La réunion religieuse

Suivi par Apaecidès, le Nazaréen gagna le bord du Sarnus. Cette rivière, qui n'est plus aujourd'hui qu'un petit ruisseau, se précipitait alors dans la mer, couverte de barques sans nombre, et réfléchissait dans ses eaux les jardins, les vignes, les palais et les temples de Pompéi. S'éloignant de ses rives bruyantes et fréquentées, Olynthus dirigea ses pas vers un sentier qui s'égarait au milieu des arbres, à peu de distance de la rivière. Cette promenade était le soir le rendez-vous favori des Pompéiens ; mais, pendant la chaleur et les occupations du jour, elle était rarement visitée, si ce n'est par quelques groupes d'enfants insouciants, par quelque poète rêveur ou quelques philosophes, amis des discussions. A l'extrémité la plus éloignée de la rivière, des touffes de buis s'enlaçaient au feuillage plus délicat et plus éphémère des autres arbustes, taillés sous mille formes bizarres, quelquefois en faunes, en satyres, quelquefois en pyramides égyptiennes, ou représentaient même en lettres les noms de quelque citoyen populaire ou éminent. Ainsi, le faux goût est aussi ancien que le bon goût, et les marchands retirés de Kackney et de Paddington ne se doutaient pas peut-être, il y a un siècle, qu'en torturant leurs ifs et en sculptant leurs buis, ils suivaient l'exemple de la période la plus polie de l'antiquité romaine, et prenaient pour modèles les jardins de Pompéi et la maison du trop élégant Pline.

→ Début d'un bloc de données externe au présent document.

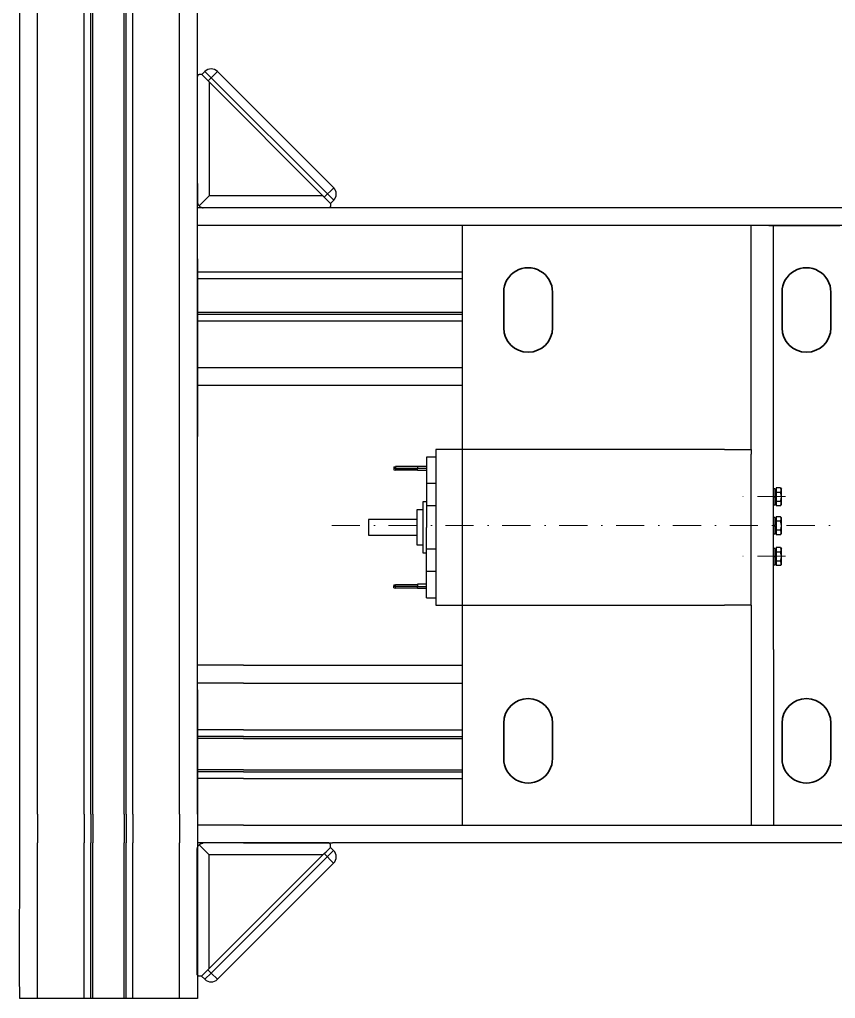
# Model space of a CAD drawing. Header units: millimetres. Extents: x -3183 to 3067, y 1033 to 2218.
# Drawn here: x 1798.1 to 1981.7, y 1464.5 to 1684.9 of the extents above; entities that cross this region are included whole.
import ezdxf

# ---------------------------------------------------------------- set-up
doc = ezdxf.new("R2010")
doc.units = ezdxf.units.MM
doc.linetypes.add('KRESKAKROPKA2', pattern=[12.7, 6.35, -3.175, 0, -3.175])
doc.linetypes.add('phl_thick', pattern=[0])
for name, color, linetype in [('HIDDEN', 7, 'Continuous'), ('projection', 7, 'Continuous'), ('THICK', 7, 'Continuous')]:
    doc.layers.add(name, color=color, linetype=linetype)
doc.layers.add('Kontury', color=7, linetype='Continuous', lineweight=35)
doc.layers.add('oś', color=7, linetype='KRESKAKROPKA2', lineweight=13)

msp = doc.modelspace()

# ---------------------------------------------------------------- linework, layer by layer
for p, q in [((2193.6088, 1642.51544), (1838.1088, 1642.51544)), ((2193.6088, 1638.51544), (1838.1088, 1638.51544)), ((1897.77357, 1503.51544), (1897.77357, 1638.51544)), ((1962.77357, 1598.06605), (1962.77357, 1638.51544)), ((1966.77357, 1638.51544), (1982.77357, 1638.51544)), ((1967.77357, 1598.06605), (1967.77357, 1638.51544)), ((1897.77357, 1628.01544), (1838.1088, 1628.01544)), ((1897.77357, 1626.51544), (1838.1088, 1626.51544)), ((1897.77357, 1618.95783), (1838.1088, 1618.95783)), ((1897.77357, 1618.51544), (1838.1088, 1618.51544)), ((1897.77357, 1617.01544), (1838.1088, 1617.01544)), ((1897.77357, 1606.51544), (1838.1088, 1606.51544)), ((1897.77357, 1602.51544), (1838.1088, 1602.51544)), ((1962.77357, 1588.06605), (1962.77357, 1598.06605)), ((1967.77357, 1543.06605), (1967.77357, 1598.06605)), ((1956.77357, 1588.06605), (1891.77357, 1588.06605)), ((1891.77357, 1588.06605), (1891.77357, 1553.06605)), ((1956.77357, 1588.06605), (1962.77357, 1588.06605)), ((1962.77357, 1588.06605), (1962.77357, 1587.06605)), ((1962.77357, 1554.06605), (1962.77357, 1587.06605)), ((1968.17357, 1579.25544), (1967.77357, 1579.25544)), ((1968.17357, 1577.62262), (1968.17357, 1579.25544)), ((1968.42357, 1578.91044), (1968.17357, 1578.91044)), ((1969.41697, 1579.45669), (1968.42357, 1579.45669)), ((1968.42357, 1579.45669), (1968.42357, 1578.91044)), ((1968.42357, 1578.91044), (1968.42357, 1575.96044)), ((1969.41697, 1578.44633), (1968.42357, 1578.44633)), ((1969.41697, 1579.45669), (1969.57357, 1579.18544)), ((1969.57357, 1575.68544), (1969.57357, 1579.18544)), ((1967.77357, 1577.51544), (1968.17357, 1577.62262)), ((1967.77357, 1577.35544), (1968.17357, 1577.46262)), ((1968.17357, 1575.61544), (1968.17357, 1577.46262)), ((1968.42357, 1575.96044), (1968.17357, 1575.96044)), ((1969.41697, 1576.42455), (1968.42357, 1576.42455)), ((1968.42357, 1575.96044), (1968.42357, 1575.41419)), ((1967.77357, 1575.61544), (1968.17357, 1575.61544)), ((1969.41697, 1575.41419), (1968.42357, 1575.41419)), ((1969.41697, 1575.41419), (1969.57357, 1575.68544)), ((1876.63757, 1572.32605), (1876.63757, 1568.80605)), ((1968.17357, 1572.75544), (1967.77357, 1572.75544)), ((1968.17357, 1571.12262), (1968.17357, 1572.75544)), ((1968.42357, 1572.41044), (1968.17357, 1572.41044)), ((1969.41697, 1572.95669), (1968.42357, 1572.95669)), ((1968.42357, 1572.95669), (1968.42357, 1572.41044)), ((1968.42357, 1572.41044), (1968.42357, 1569.46044)), ((1969.41697, 1571.94633), (1968.42357, 1571.94633)), ((1969.41697, 1572.95669), (1969.57357, 1572.68544)), ((1969.57357, 1569.18544), (1969.57357, 1572.68544)), ((1967.77357, 1571.01544), (1968.17357, 1571.12262)), ((1967.77357, 1570.85544), (1968.17357, 1570.96262)), ((1968.17357, 1569.11544), (1968.17357, 1570.96262)), ((1968.42357, 1569.46044), (1968.17357, 1569.46044)), ((1969.41697, 1569.92455), (1968.42357, 1569.92455)), ((1968.42357, 1569.46044), (1968.42357, 1568.91419)), ((1969.41697, 1568.91419), (1969.57357, 1569.18544)), ((1967.77357, 1569.11544), (1968.17357, 1569.11544)), ((1969.41697, 1568.91419), (1968.42357, 1568.91419)), ((1968.17357, 1565.80605), (1967.77357, 1565.80605)), ((1968.17357, 1564.17323), (1968.17357, 1565.80605)), ((1968.42357, 1565.46105), (1968.17357, 1565.46105)), ((1969.41697, 1566.0073), (1968.42357, 1566.0073)), ((1968.42357, 1566.0073), (1968.42357, 1565.46105)), ((1968.42357, 1565.46105), (1968.42357, 1562.51105)), ((1969.41697, 1564.99694), (1968.42357, 1564.99694)), ((1969.41697, 1566.0073), (1969.57357, 1565.73605)), ((1969.57357, 1562.23605), (1969.57357, 1565.73605)), ((1967.77357, 1564.06605), (1968.17357, 1564.17323)), ((1967.77357, 1563.90605), (1968.17357, 1564.01323)), ((1968.17357, 1562.16605), (1968.17357, 1564.01323)), ((1968.42357, 1562.51105), (1968.17357, 1562.51105)), ((1969.41697, 1562.97516), (1968.42357, 1562.97516)), ((1968.42357, 1562.51105), (1968.42357, 1561.9648)), ((1967.77357, 1562.16605), (1968.17357, 1562.16605)), ((1969.41697, 1561.9648), (1968.42357, 1561.9648)), ((1969.41697, 1561.9648), (1969.57357, 1562.23605)), ((1962.77357, 1553.06605), (1962.77357, 1554.06605)), ((1891.77357, 1553.06605), (1956.77357, 1553.06605)), ((1962.77357, 1553.06605), (1956.77357, 1553.06605)), ((1962.77357, 1553.06605), (1962.77357, 1543.06605)), ((1962.77357, 1543.06605), (1962.77357, 1503.51544)), ((1967.77357, 1543.06605), (1967.77357, 1503.51544)), ((1848.51665, 1539.51544), (1838.1088, 1539.51544)), ((1868.51665, 1539.51544), (1897.77357, 1539.51544)), ((1848.51665, 1535.51544), (1838.1088, 1535.51544)), ((1868.51665, 1535.51544), (1897.77357, 1535.51544)), ((1848.51665, 1525.01544), (1838.1088, 1525.01544)), ((1848.51665, 1523.51544), (1838.1088, 1523.51544)), ((1848.51665, 1523.07305), (1838.1088, 1523.07305)), ((1868.51665, 1525.01544), (1897.77357, 1525.01544)), ((1868.51665, 1523.51544), (1897.77357, 1523.51544)), ((1868.51665, 1523.07305), (1897.77357, 1523.07305)), ((1848.51665, 1515.95783), (1838.1088, 1515.95783)), ((1848.51665, 1515.51544), (1838.1088, 1515.51544)), ((1868.51665, 1515.95783), (1897.77357, 1515.95783)), ((1868.51665, 1515.51544), (1897.77357, 1515.51544)), ((1848.51665, 1514.01544), (1838.1088, 1514.01544)), ((1868.51665, 1514.01544), (1897.77357, 1514.01544)), ((1798.1088, 1499.51544), (1798.1088, 1506.01544)), ((1802.1088, 1506.01544), (1802.1088, 1499.51544)), ((1812.6088, 1506.01544), (1812.6088, 1499.51544)), ((1814.1088, 1506.01544), (1814.1088, 1499.51544)), ((1814.55119, 1506.01544), (1814.55119, 1499.51544)), ((1821.66641, 1506.01544), (1821.66641, 1499.51544)), ((1822.1088, 1506.01544), (1822.1088, 1499.51544)), ((1823.6088, 1506.01544), (1823.6088, 1499.51544)), ((1834.1088, 1506.01544), (1834.1088, 1499.51544)), ((1838.1088, 1506.01544), (1838.1088, 1499.51544)), ((1848.51665, 1503.51544), (1838.06022, 1503.51544)), ((1868.51665, 1503.51544), (2068.43833, 1503.51544)), ((1798.08897, 1469.85549), (1798.1088, 1499.51544)), ((1802.1088, 1464.51544), (1802.1088, 1499.51544)), ((1812.6088, 1464.51544), (1812.6088, 1499.51544)), ((1814.1088, 1464.51544), (1814.1088, 1499.51544)), ((1814.55119, 1464.51544), (1814.55119, 1499.51544)), ((1821.66641, 1464.51544), (1821.66641, 1499.51544)), ((1822.1088, 1464.51544), (1822.1088, 1499.51544)), ((1823.6088, 1464.51544), (1823.6088, 1499.51544)), ((1834.1088, 1464.51544), (1834.1088, 1499.51544)), ((1848.51665, 1499.51544), (1838.1088, 1499.51544)), ((1838.1088, 1499.51544), (1838.1088, 1464.51544)), ((1931.38314, 1499.51544), (1868.51665, 1499.51544)), ((2068.43833, 1499.51544), (1931.38314, 1499.51544)), ((1798.1088, 1464.51544), (1798.08897, 1469.85549)), ((1838.1088, 1464.51544), (1798.1088, 1464.51544))]:
    msp.add_line(p, q)
for centre, radius, start, end in [((1968.68046, 1578.95151), 0.89311, 325.5531276, 25.5531276), ((1966.23265, 1577.43544), 3.34092, 342.387526, 17.612474), ((1968.68046, 1575.91937), 0.89311, 334.4468724, 34.4468724), ((1968.68046, 1572.45151), 0.89311, 325.5531276, 25.5531276), ((1966.23265, 1570.93544), 3.34092, 342.387526, 17.612474), ((1968.68046, 1569.41937), 0.89311, 334.4468724, 34.4468724), ((1968.68046, 1565.50212), 0.89311, 325.5531276, 25.5531276), ((1966.23265, 1563.98605), 3.34092, 342.387526, 17.612474), ((1968.68046, 1562.46998), 0.89311, 334.4468724, 34.4468724)]:
    msp.add_arc(centre, radius, start, end)
at = {"layer": 'HIDDEN'}
for p, q in [((1882.70957, 1583.80316), (1882.35757, 1583.75113)), ((1882.70957, 1584.23833), (1882.70957, 1583.80316)), ((1882.70957, 1583.80316), (1887.63757, 1583.80316)), ((1887.63757, 1584.23833), (1887.63757, 1583.87412)), ((1891.77357, 1580.41061), (1889.66157, 1580.41061)), ((1891.77357, 1579.51565), (1891.77357, 1577.27565)), ((1891.77357, 1577.27565), (1891.77357, 1575.03565)), ((1889.66157, 1575.48261), (1891.77357, 1575.48261)), ((1891.77357, 1565.64949), (1889.66157, 1565.64949)), ((1891.77357, 1566.09645), (1891.77357, 1563.85645)), ((1891.77357, 1563.85645), (1891.77357, 1561.61645)), ((1889.66157, 1560.72149), (1891.77357, 1560.72149)), ((1882.70957, 1557.25797), (1882.35757, 1557.20595)), ((1882.70957, 1557.25797), (1882.70957, 1557.69314)), ((1887.63757, 1557.25797), (1882.70957, 1557.25797)), ((1887.63757, 1557.69314), (1887.63757, 1557.32894)), ((1889.66157, 1554.7369), (1891.15757, 1554.7369))]:
    msp.add_line(p, q, dxfattribs=at)
at = {"layer": 'Kontury'}
for p, q in [((1838.1088, 1630.99955), (1838.1088, 1590.99955)), ((1907.0671, 1615.51544), (1907.0671, 1623.51544)), ((1918.0671, 1623.51544), (1918.0671, 1615.51544)), ((1969.72497, 1615.51544), (1969.72497, 1623.51544)), ((1980.72497, 1623.51544), (1980.72497, 1615.51544)), ((1838.1088, 1533.99955), (1838.1088, 1506.01544)), ((1907.0671, 1526.51544), (1907.0671, 1518.51544)), ((1918.0671, 1518.51544), (1918.0671, 1526.51544)), ((1969.72497, 1526.51544), (1969.72497, 1518.51544)), ((1980.72497, 1518.51544), (1980.72497, 1526.51544))]:
    msp.add_line(p, q, dxfattribs=at)
for centre, start, end in [((1912.5671, 1623.51544), 0, 180.0000198), ((1975.22497, 1623.51544), 0, 180.0000198), ((1912.5671, 1615.51544), 180.0000198, 0), ((1975.22497, 1615.51544), 180.0000198, 0), ((1912.5671, 1526.51544), 0, 179.9999802), ((1975.22497, 1526.51544), 0, 179.9999802), ((1912.5671, 1518.51544), 179.9999802, 0), ((1975.22497, 1518.51544), 179.9999802, 0)]:
    msp.add_arc(centre, 5.5, start, end, dxfattribs=at)
at = {"layer": 'oś'}
for p, q in [((1970.52586, 1577.50679), (1960.32337, 1577.50679)), ((2233.1088, 1571.01544), (1866.30001, 1571.01544)), ((1970.52586, 1564.0574), (1960.32337, 1564.0574))]:
    msp.add_line(p, q, dxfattribs=at)
at = {"layer": 'projection', "color": 7, "linetype": 'phl_thick'}
for p, q in [((1798.1088, 1506.01544), (1798.1088, 1905.27977)), ((1802.1088, 1506.01544), (1802.1088, 1905.27977)), ((1812.6088, 1506.01544), (1812.6088, 1829.29216)), ((1814.1088, 1506.01544), (1814.1088, 1829.29216)), ((1814.55119, 1506.01544), (1814.55119, 1829.29216)), ((1821.66641, 1506.01544), (1821.66641, 1829.29216)), ((1822.1088, 1506.01544), (1822.1088, 1829.29216)), ((1823.6088, 1506.01544), (1823.6088, 1829.29216)), ((1834.1088, 1506.01544), (1834.1088, 1829.29216)), ((1838.1088, 1506.01544), (1838.1088, 1829.29216)), ((1839.81032, 1673.20833), (1839.10321, 1672.50123)), ((1839.81032, 1673.20833), (1841.22453, 1671.79412)), ((1842.63875, 1673.20833), (1841.22453, 1671.79412)), ((1842.63875, 1673.20833), (1868.8017, 1647.04538)), ((1838.10208, 1672.0618), (1838.0989, 1672.00554)), ((1838.0989, 1672.00554), (1838.0989, 1648.00529)), ((1838.11187, 1672.11869), (1838.10208, 1672.0618)), ((1838.12863, 1672.17538), (1838.11187, 1672.11869)), ((1838.15258, 1672.23092), (1838.12863, 1672.17538)), ((1838.18384, 1672.28433), (1838.15258, 1672.23092)), ((1838.22242, 1672.33457), (1838.18384, 1672.28433)), ((1838.26827, 1672.38061), (1838.22242, 1672.33457)), ((1838.32122, 1672.42134), (1838.26827, 1672.38061)), ((1838.38106, 1672.45559), (1838.32122, 1672.42134)), ((1838.44751, 1672.48213), (1838.38106, 1672.45559)), ((1838.52023, 1672.49931), (1838.44751, 1672.48213)), ((1838.5989, 1672.50554), (1838.52023, 1672.49931)), ((1839.0989, 1672.50554), (1838.5989, 1672.50554)), ((1839.0989, 1672.50554), (1840.07788, 1671.52656)), ((1840.07788, 1671.52656), (1866.68038, 1644.92406)), ((1841.22453, 1671.79412), (1840.51743, 1671.08701)), ((1840.7989, 1670.80554), (1840.7989, 1645.20554)), ((1841.22453, 1671.79412), (1867.38748, 1645.63117)), ((1838.09902, 1648.00541), (1838.0989, 1648.00529)), ((1838.09902, 1648.00541), (1838.1088, 1647.99564)), ((1838.1088, 1647.99564), (1838.1088, 1643.83349)), ((1868.8017, 1647.04538), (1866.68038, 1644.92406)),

Cette promenade, à l'heure où le soleil du Midi tombait perpendiculairement sur le feuillage varié, était entièrement déserte ; du moins on n'y voyait en ce moment qu'Olynthus et le prêtre d'Isis. Ils s'assirent sur des bancs, placés par intervalle entre les arbres, et en face de la faible brise qui arrivait languissamment de la rivière, dont les vagues dansaient et brillaient devant eux ; c'était un couple singulier et plein de contraste, l'un croyant au plus nouveau, l'autre au plus ancien culte du monde. «Depuis que vous m'avez quitté si brusquement, dit Olynthus, avez-vous été heureux ? Votre cœur a-t-il éprouvé quelque contente-ment sous votre robe de prêtre ? Avez-vous, dévoré du désir d'entendre la voix de Dieu, surpris quelques-uns de ses oracles dans ceux du temple d'Isis ? Votre soupir, et ce morne maintien semblent répondre d'avance à ma dernière prédiction.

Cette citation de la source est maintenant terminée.